The paper tackled the problem of predicting chemical reactivity for organic molecules, which is costly to measure experimentally or compute with quantum chemistry, by developing graph attention neural networks that achieved over 91% test accuracy in predicting reactivity scores on a dataset of over 2,400 molecules.

There is a lack of scalable quantitative measures of reactivity for functional groups in organic chemistry. Measuring reactivity experimentally is costly and time-consuming and does not scale to the astronomical size of chemical space. In previous quantum chemistry studies, we have introduced Methyl Cation Affinities (MCA*) and Methyl Anion Affinities (MAA*), using a solvation model, as quantitative measures of reactivity for organic functional groups over the broadest range. Although MCA* and MAA* offer good estimates of reactivity parameters, their calculation through Density Functional Theory (DFT) simulations is time-consuming. To circumvent this problem, we first use DFT to calculate MCA* and MAA* for more than 2,400 organic molecules thereby establishing a large dataset of chemical reactivity scores. We then design deep learning methods to predict the reactivity of molecular structures and train them using this curated dataset in combination with different representations of molecular structures.
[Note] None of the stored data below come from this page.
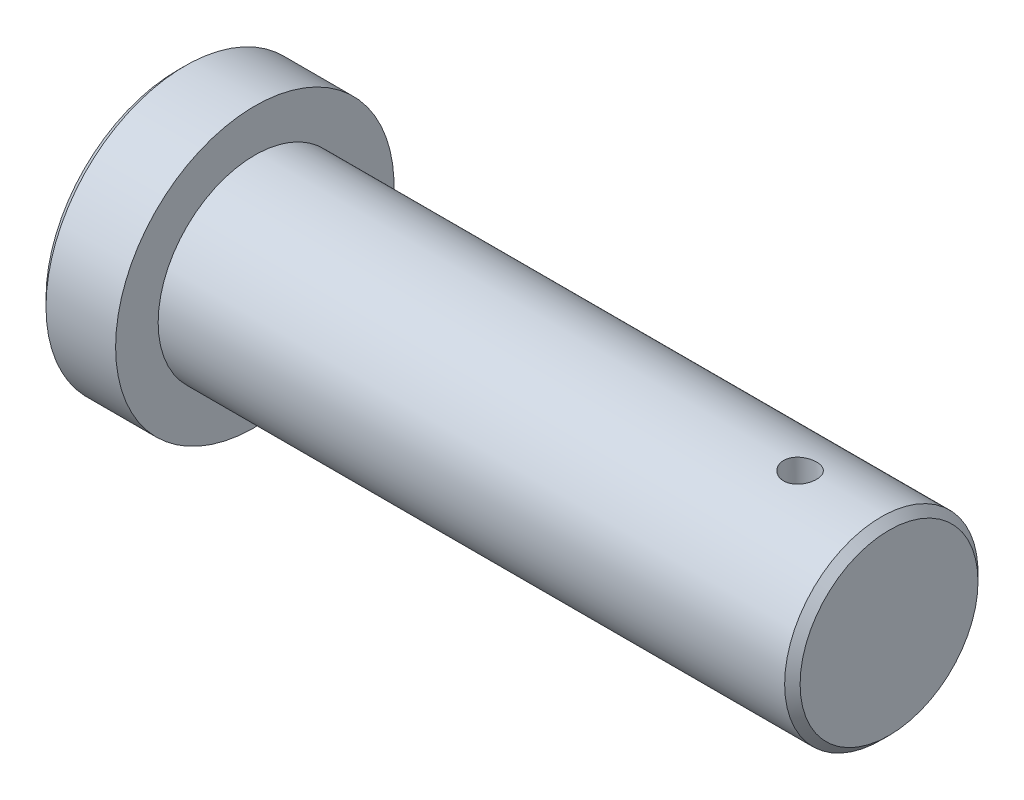
from build123d import *

# Parameters (mm, degrees)
CHAMFER1_SIZE = 1


with BuildPart() as part:
    # Sketch1 → Revolve1 (revolve)
    with BuildSketch(Plane.XY, mode=Mode.PRIVATE) as revolve1_sk:
        Polygon((0, 0), (0, 18), (10, 18), (10, 12.5), (92, 12.5), (92, 0), align=None)
    revolve(revolve1_sk.sketch.rotate(Axis((0, 0, 0), (1, 0, 0)), 90), axis=Axis((0, 0, 0), (1, 0, 0)))

    # Sketch2 → Cut-Revolve1 (revolve, cut)
    with BuildSketch(Plane.XY, mode=Mode.PRIVATE) as cut_revolve1_sk:
        Polygon((83, -12.5), (82.625, 12.5), (80.5, 12.5), (80.5, -12.5), align=None)
    revolve(cut_revolve1_sk.sketch.rotate(Axis((80.5, 12.5, 0), (0, -1, 0)), 227.113167314), axis=Axis((80.5, 12.5, 0), (0, -1, 0)), mode=Mode.SUBTRACT)

    # Chamfer1
    chamfer1_edges = [part.edges().sort_by_distance(p)[0] for p in [
        (92, 0, -12.5),
        (0, 0, -18),
    ]]
    chamfer(chamfer1_edges, length=CHAMFER1_SIZE)


solid = part.part

Using ten-fold cross-validation, we show that graph attention neural networks applied to informative input fingerprints produce the most accurate estimates of reactivity, achieving over 91% test accuracy for predicting the MCA* plus-minus 3.0 or MAA* plus-minus 3.0, over 50 orders of magnitude. Finally, we demonstrate the application of these reactivity scores to two tasks: (1) chemical reaction prediction; (2) combinatorial generation of reaction mechanisms. The curated dataset of MCA* and MAA* scores is available through the ChemDB chemoinformatics web portal at www.cdb.ics.uci.edu.